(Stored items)
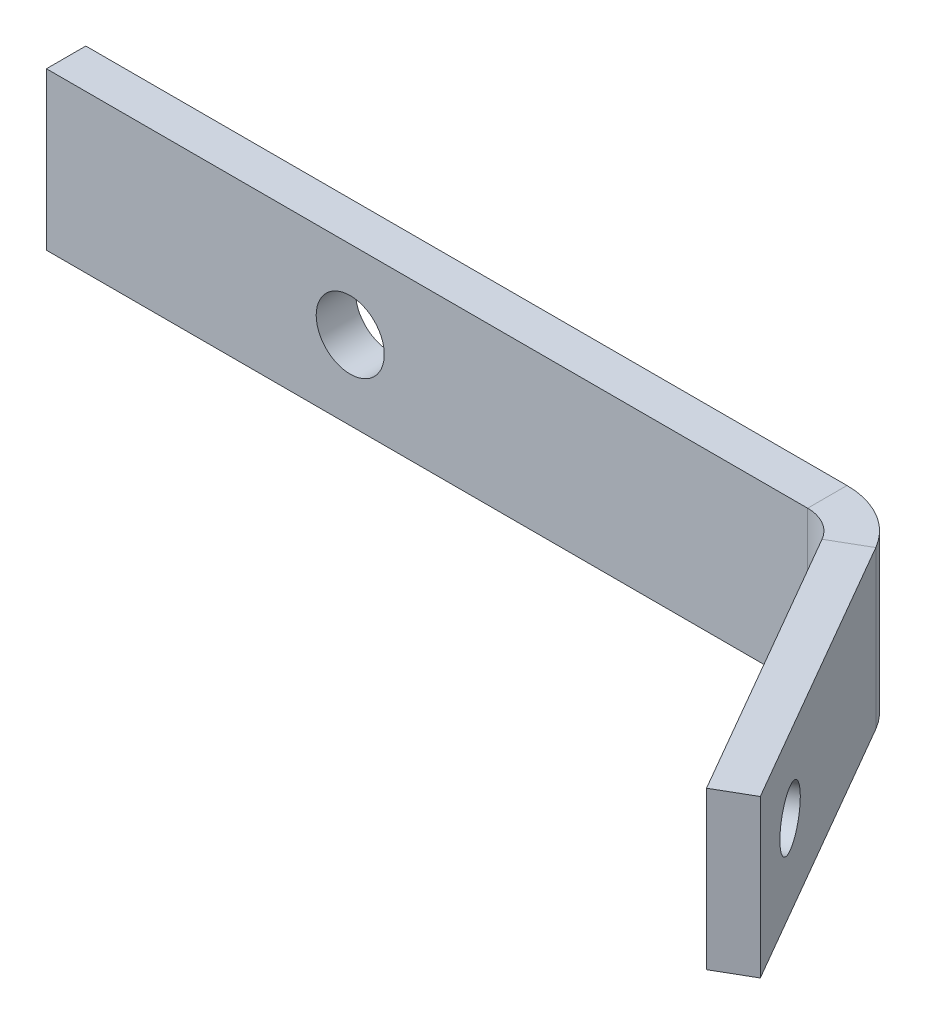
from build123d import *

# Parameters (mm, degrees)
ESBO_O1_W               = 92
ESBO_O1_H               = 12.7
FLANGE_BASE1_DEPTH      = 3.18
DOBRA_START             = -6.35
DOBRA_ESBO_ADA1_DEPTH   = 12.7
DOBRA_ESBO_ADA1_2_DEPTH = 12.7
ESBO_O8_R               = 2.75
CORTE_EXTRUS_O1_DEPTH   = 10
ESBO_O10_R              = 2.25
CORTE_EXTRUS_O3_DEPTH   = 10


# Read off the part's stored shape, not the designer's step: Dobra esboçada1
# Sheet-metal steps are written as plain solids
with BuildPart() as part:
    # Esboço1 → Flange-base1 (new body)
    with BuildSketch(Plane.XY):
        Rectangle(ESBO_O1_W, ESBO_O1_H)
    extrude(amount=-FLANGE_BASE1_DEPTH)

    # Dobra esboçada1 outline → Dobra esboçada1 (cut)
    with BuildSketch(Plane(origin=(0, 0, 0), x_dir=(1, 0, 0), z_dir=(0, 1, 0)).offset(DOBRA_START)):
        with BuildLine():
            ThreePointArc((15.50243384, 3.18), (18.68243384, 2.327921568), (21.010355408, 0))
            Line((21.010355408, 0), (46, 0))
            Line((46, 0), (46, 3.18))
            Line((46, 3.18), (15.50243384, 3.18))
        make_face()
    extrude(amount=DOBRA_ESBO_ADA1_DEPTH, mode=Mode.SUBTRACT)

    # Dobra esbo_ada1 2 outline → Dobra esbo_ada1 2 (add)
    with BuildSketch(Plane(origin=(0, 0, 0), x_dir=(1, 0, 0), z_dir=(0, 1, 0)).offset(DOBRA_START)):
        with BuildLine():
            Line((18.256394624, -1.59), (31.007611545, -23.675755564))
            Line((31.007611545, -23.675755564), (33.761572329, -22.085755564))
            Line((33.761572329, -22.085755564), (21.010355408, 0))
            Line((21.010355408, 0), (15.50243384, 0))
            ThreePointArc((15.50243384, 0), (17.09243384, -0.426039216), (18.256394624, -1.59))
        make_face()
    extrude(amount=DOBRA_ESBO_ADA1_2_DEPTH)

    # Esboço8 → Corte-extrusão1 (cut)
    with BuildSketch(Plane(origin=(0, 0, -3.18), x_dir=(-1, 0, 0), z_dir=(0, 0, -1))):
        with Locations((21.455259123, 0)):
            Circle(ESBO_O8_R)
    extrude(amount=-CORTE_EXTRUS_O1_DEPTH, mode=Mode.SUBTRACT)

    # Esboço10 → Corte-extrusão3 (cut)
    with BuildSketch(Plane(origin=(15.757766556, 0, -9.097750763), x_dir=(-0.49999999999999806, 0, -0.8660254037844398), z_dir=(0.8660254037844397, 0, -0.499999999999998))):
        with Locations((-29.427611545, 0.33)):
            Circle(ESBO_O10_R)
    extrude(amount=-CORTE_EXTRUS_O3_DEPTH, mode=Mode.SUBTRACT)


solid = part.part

**WORK TO BE COMPLETED:** Write the records out once more, exactly as they appear, with no pictures.

**PROBLEM SOLUTION:**
from build123d import *

# Parameters (mm, degrees)
ESBO_O1_W               = 92
ESBO_O1_H               = 12.7
FLANGE_BASE1_DEPTH      = 3.18
DOBRA_START             = -6.35
DOBRA_ESBO_ADA1_DEPTH   = 12.7
DOBRA_ESBO_ADA1_2_DEPTH = 12.7
ESBO_O8_R               = 2.75
CORTE_EXTRUS_O1_DEPTH   = 10
ESBO_O10_R              = 2.25
CORTE_EXTRUS_O3_DEPTH   = 10


# Read off the part's stored shape, not the designer's step: Dobra esboçada1
# Sheet-metal steps are written as plain solids
with BuildPart() as part:
    # Esboço1 → Flange-base1 (new body)
    with BuildSketch(Plane.XY):
        Rectangle(ESBO_O1_W, ESBO_O1_H)
    extrude(amount=-FLANGE_BASE1_DEPTH)

    # Dobra esboçada1 outline → Dobra esboçada1 (cut)
    with BuildSketch(Plane(origin=(0, 0, 0), x_dir=(1, 0, 0), z_dir=(0, 1, 0)).offset(DOBRA_START)):
        with BuildLine():
            ThreePointArc((15.50243384, 3.18), (18.68243384, 2.327921568), (21.010355408, 0))
            Line((21.010355408, 0), (46, 0))
            Line((46, 0), (46, 3.18))
            Line((46, 3.18), (15.50243384, 3.18))
        make_face()
    extrude(amount=DOBRA_ESBO_ADA1_DEPTH, mode=Mode.SUBTRACT)

    # Dobra esbo_ada1 2 outline → Dobra esbo_ada1 2 (add)
    with BuildSketch(Plane(origin=(0, 0, 0), x_dir=(1, 0, 0), z_dir=(0, 1, 0)).offset(DOBRA_START)):
        with BuildLine():
            Line((18.256394624, -1.59), (31.007611545, -23.675755564))
            Line((31.007611545, -23.675755564), (33.761572329, -22.085755564))
            Line((33.761572329, -22.085755564), (21.010355408, 0))
            Line((21.010355408, 0), (15.50243384, 0))
            ThreePointArc((15.50243384, 0), (17.09243384, -0.426039216), (18.256394624, -1.59))
        make_face()
    extrude(amount=DOBRA_ESBO_ADA1_2_DEPTH)

    # Esboço8 → Corte-extrusão1 (cut)
    with BuildSketch(Plane(origin=(0, 0, -3.18), x_dir=(-1, 0, 0), z_dir=(0, 0, -1))):
        with Locations((21.455259123, 0)):
            Circle(ESBO_O8_R)
    extrude(amount=-CORTE_EXTRUS_O1_DEPTH, mode=Mode.SUBTRACT)

    # Esboço10 → Corte-extrusão3 (cut)
    with BuildSketch(Plane(origin=(15.757766556, 0, -9.097750763), x_dir=(-0.49999999999999806, 0, -0.8660254037844398), z_dir=(0.8660254037844397, 0, -0.499999999999998))):
        with Locations((-29.427611545, 0.33)):
            Circle(ESBO_O10_R)
    extrude(amount=-CORTE_EXTRUS_O3_DEPTH, mode=Mode.SUBTRACT)


solid = part.part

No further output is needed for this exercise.